Afghan-Pakistani tensions over cross-border militancy are unlikely to ease anytime soon, which will further limit the extent to which regional countries and Afghanistan benefit from expanded ties, such as through major transnational infrastructure projects. Afghanistan and Pakistan's relationship has in recent years endured repeated bouts of tension and prolonged periods of non-contact. However, the duration and severity of their current conflict — combined with Afghanistan's ongoing efforts to diversify away from Pakistan — suggest that, at a minimum, mending bilateral relations will take longer this time around. This would especially be the case if the recent border clashes unify the Afghan Taliban around the group's hard-line leadership, support for TTP and opposition to Pakistan, as some local reports suggest. Even if the Afghan Taliban did crack down on TTP in Afghanistan, it may not significantly reduce militant attacks in Pakistan, as TTP has for years rebuilt its presence in the country's northwest. Additionally, Baloch separatists, Islamic State fighters and other capable militants will also continue their own attacks. Given the myriad unresolved disputes between Afghanistan and Pakistan, including over the legitimacy of their shared border, the two neighbors are highly likely to again butt heads in the future. This will further limit the potential benefits of Afghanistan's expanding regional ties, particularly regarding ambitious infrastructure projects like the Turkmenistan-Afghanistan-Pakistan-India Pipeline, as getting these countries (especially the last three) to cooperate on such a massive project currently appears impossible. Additionally, each country would need to secure the massive associated infrastructure, posing yet another Sisyphean task, especially for countries like Afghanistan and Pakistan, which face perennial insurgency and terrorism challenges. Similar challenges will also threaten the proposed Uzbekistan-Afghanistan-Pakistan Railway Project, which, in its current form, would connect Uzbekistan's Tashkent to Afghanistan's Kabul and ultimately to Pakistan's Peshawar.

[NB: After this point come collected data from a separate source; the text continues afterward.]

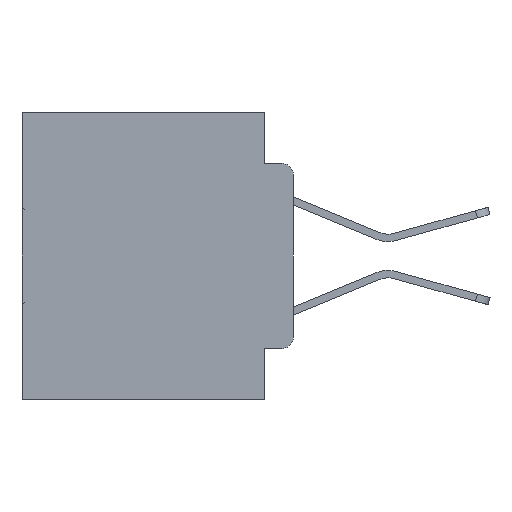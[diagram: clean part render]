
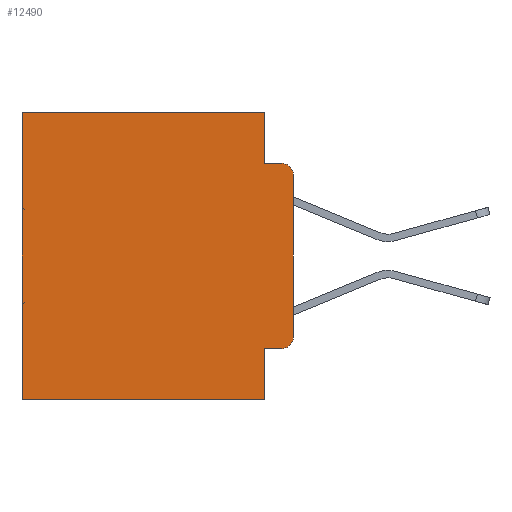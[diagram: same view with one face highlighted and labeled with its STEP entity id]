
A CAD part, left-side view. The second image highlights one B-rep face of the part: STEP entity #12490.
In plain terms, the highlighted planar face has unit normal (-1, 0, 0).
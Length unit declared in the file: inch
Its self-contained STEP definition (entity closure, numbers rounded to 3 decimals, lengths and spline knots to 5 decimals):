
#435 = CARTESIAN_POINT ( 'NONE',  ( 0.298, 0.473, -0.5 ) ) ;
#953 = VECTOR ( 'NONE', #2102, 39.37008 ) ;
#1166 = CARTESIAN_POINT ( 'NONE',  ( 0.298, 0., -0.3915 ) ) ;
#1377 = DIRECTION ( 'NONE',  ( -1., 0., 0. ) ) ;
#1960 = EDGE_CURVE ( 'NONE', #16091, #17786, #29905, .T. ) ;
#2102 = DIRECTION ( 'NONE',  ( 0., 1., 0. ) ) ;
#2513 = LINE ( 'NONE', #8116, #24434 ) ;
#2861 = EDGE_LOOP ( 'NONE', ( #11189, #27480, #3159, #23235, #8390, #17158, #9578, #4712, #18776, #32170 ) ) ;
#3083 = AXIS2_PLACEMENT_3D ( 'NONE', #11448, #3711, #22079 ) ;
#3159 = ORIENTED_EDGE ( 'NONE', *, *, #11416, .F. ) ;
#3711 = DIRECTION ( 'NONE',  ( 1., 0., 0. ) ) ;
#4712 = ORIENTED_EDGE ( 'NONE', *, *, #19982, .F. ) ;
#4730 = DIRECTION ( 'NONE',  ( 0., 0., -1. ) ) ;
#5423 = DIRECTION ( 'NONE',  ( 0., 0., -1. ) ) ;
#5736 = FACE_OUTER_BOUND ( 'NONE', #2861, .T. ) ;
#5766 = EDGE_CURVE ( 'NONE', #23219, #21467, #9976, .T. ) ;
#6724 = LINE ( 'NONE', #20075, #19926 ) ;
#7178 = CARTESIAN_POINT ( 'NONE',  ( 0.298, 0.02, -0.4115 ) ) ;
#7678 = EDGE_CURVE ( 'NONE', #23219, #33132, #2513, .T. ) ;
#8116 = CARTESIAN_POINT ( 'NONE',  ( 0.298, 0., 0. ) ) ;
#8390 = ORIENTED_EDGE ( 'NONE', *, *, #1960, .T. ) ;
#8873 = PLANE ( 'NONE',  #3083 ) ;
#9000 = CARTESIAN_POINT ( 'NONE',  ( 0.298, 0.051, 0. ) ) ;
#9578 = ORIENTED_EDGE ( 'NONE', *, *, #25208, .F. ) ;
#9976 = CIRCLE ( 'NONE', #31007, 0.02 ) ;
#11189 = ORIENTED_EDGE ( 'NONE', *, *, #7678, .F. ) ;
#11351 = CARTESIAN_POINT ( 'NONE',  ( 0.298, 0.051, -0.0885 ) ) ;
#11416 = EDGE_CURVE ( 'NONE', #22731, #21467, #19172, .T. ) ;
#11448 = CARTESIAN_POINT ( 'NONE',  ( 0.298, 0., 0. ) ) ;
#12490 = ADVANCED_FACE ( 'NONE', ( #5736 ), #8873, .F. ) ;
#12831 = CARTESIAN_POINT ( 'NONE',  ( 0.298, 0., -0.5 ) ) ;
#15086 = VECTOR ( 'NONE', #28807, 39.37008 ) ;
#15253 = CARTESIAN_POINT ( 'NONE',  ( 0.298, 0.051, -0.4115 ) ) ;
#15560 = CARTESIAN_POINT ( 'NONE',  ( 0.298, 0.02, -0.0885 ) ) ;
#16091 = VERTEX_POINT ( 'NONE', #9000 ) ;
#16349 = VERTEX_POINT ( 'NONE', #16913 ) ;
#16913 = CARTESIAN_POINT ( 'NONE',  ( 0.298, 0.051, -0.4115 ) ) ;
#17068 = CARTESIAN_POINT ( 'NONE',  ( 0.298, 0.02, -0.3915 ) ) ;
#17071 = LINE ( 'NONE', #15253, #20786 ) ;
#17092 = VERTEX_POINT ( 'NONE', #28701 ) ;
#17158 = ORIENTED_EDGE ( 'NONE', *, *, #25891, .T. ) ;
#17700 = LINE ( 'NONE', #32273, #29645 ) ;
#17786 = VERTEX_POINT ( 'NONE', #18019 ) ;
#17881 = DIRECTION ( 'NONE',  ( -1., 0., 0. ) ) ;
#18019 = CARTESIAN_POINT ( 'NONE',  ( 0.298, 0.473, 0. ) ) ;
#18776 = ORIENTED_EDGE ( 'NONE', *, *, #25305, .T. ) ;
#19172 = LINE ( 'NONE', #31229, #15086 ) ;
#19926 = VECTOR ( 'NONE', #28059, 39.37008 ) ;
#19982 = EDGE_CURVE ( 'NONE', #16349, #17092, #17700, .T. ) ;
#20075 = CARTESIAN_POINT ( 'NONE',  ( 0.298, 0.473, 0. ) ) ;
#20550 = VERTEX_POINT ( 'NONE', #7178 ) ;
#20786 = VECTOR ( 'NONE', #33650, 39.37008 ) ;
#21216 = DIRECTION ( 'NONE',  ( 0., 1., 0. ) ) ;
#21410 = DIRECTION ( 'NONE',  ( 0., 0., -1. ) ) ;
#21467 = VERTEX_POINT ( 'NONE', #15560 ) ;
#22079 = DIRECTION ( 'NONE',  ( 0., 0., -1. ) ) ;
#22638 = DIRECTION ( 'NONE',  ( 0., 0., -1. ) ) ;
#22705 = LINE ( 'NONE', #23778, #30100 ) ;
#22731 = VERTEX_POINT ( 'NONE', #11351 ) ;
#23219 = VERTEX_POINT ( 'NONE', #23817 ) ;
#23235 = ORIENTED_EDGE ( 'NONE', *, *, #27654, .F. ) ;
#23352 = CARTESIAN_POINT ( 'NONE',  ( 0.298, 0.02, -0.1085 ) ) ;
#23778 = CARTESIAN_POINT ( 'NONE',  ( 0.298, 0.051, 0. ) ) ;
#23817 = CARTESIAN_POINT ( 'NONE',  ( 0.298, 0., -0.1085 ) ) ;
#24434 = VECTOR ( 'NONE', #21410, 39.37008 ) ;
#25208 = EDGE_CURVE ( 'NONE', #17092, #29794, #29428, .T. ) ;
#25305 = EDGE_CURVE ( 'NONE', #16349, #20550, #17071, .T. ) ;
#25891 = EDGE_CURVE ( 'NONE', #17786, #29794, #6724, .T. ) ;
#27480 = ORIENTED_EDGE ( 'NONE', *, *, #5766, .T. ) ;
#27654 = EDGE_CURVE ( 'NONE', #16091, #22731, #22705, .T. ) ;
#28059 = DIRECTION ( 'NONE',  ( 0., 0., -1. ) ) ;
#28633 = DIRECTION ( 'NONE',  ( 0., 0., -1. ) ) ;
#28701 = CARTESIAN_POINT ( 'NONE',  ( 0.298, 0.051, -0.5 ) ) ;
#28807 = DIRECTION ( 'NONE',  ( 0., -1., 0. ) ) ;
#29428 = LINE ( 'NONE', #12831, #953 ) ;
#29645 = VECTOR ( 'NONE', #5423, 39.37008 ) ;
#29794 = VERTEX_POINT ( 'NONE', #435 ) ;
#29905 = LINE ( 'NONE', #31673, #32351 ) ;
#29962 = EDGE_CURVE ( 'NONE', #20550, #33132, #30381, .T. ) ;
#30100 = VECTOR ( 'NONE', #28633, 39.37008 ) ;
#30107 = AXIS2_PLACEMENT_3D ( 'NONE', #17068, #1377, #22638 ) ;
#30381 = CIRCLE ( 'NONE', #30107, 0.02 ) ;
#31007 = AXIS2_PLACEMENT_3D ( 'NONE', #23352, #17881, #4730 ) ;
#31229 = CARTESIAN_POINT ( 'NONE',  ( 0.298, 0.051, -0.0885 ) ) ;
#31673 = CARTESIAN_POINT ( 'NONE',  ( 0.298, 0., 0. ) ) ;
#32170 = ORIENTED_EDGE ( 'NONE', *, *, #29962, .T. ) ;
#32273 = CARTESIAN_POINT ( 'NONE',  ( 0.298, 0.051, 0. ) ) ;
#32351 = VECTOR ( 'NONE', #21216, 39.37008 ) ;
#33132 = VERTEX_POINT ( 'NONE', #1166 ) ;
#33650 = DIRECTION ( 'NONE',  ( 0., -1., 0. ) ) ;

- Years-long delays, largely fueled by regional conflict and militancy, have stalled progress on the Turkmenistan-Afghanistan-Pakistan-India Pipeline, the Uzbekistan-Afghanistan-Pakistan Railway Project, and other similar projects. While this has not directly worsened living conditions in host countries, it has put an upper limit on their energy supplies and power reliability, trade and broader economic growth. The perceived importance of these transnational infrastructure projects has almost certainly grown alongside various regional crises over the years, and particularly since the outbreak of the 2026 Iran conflict, as these crises have worsened inflation and risks of energy shortages and food insecurity.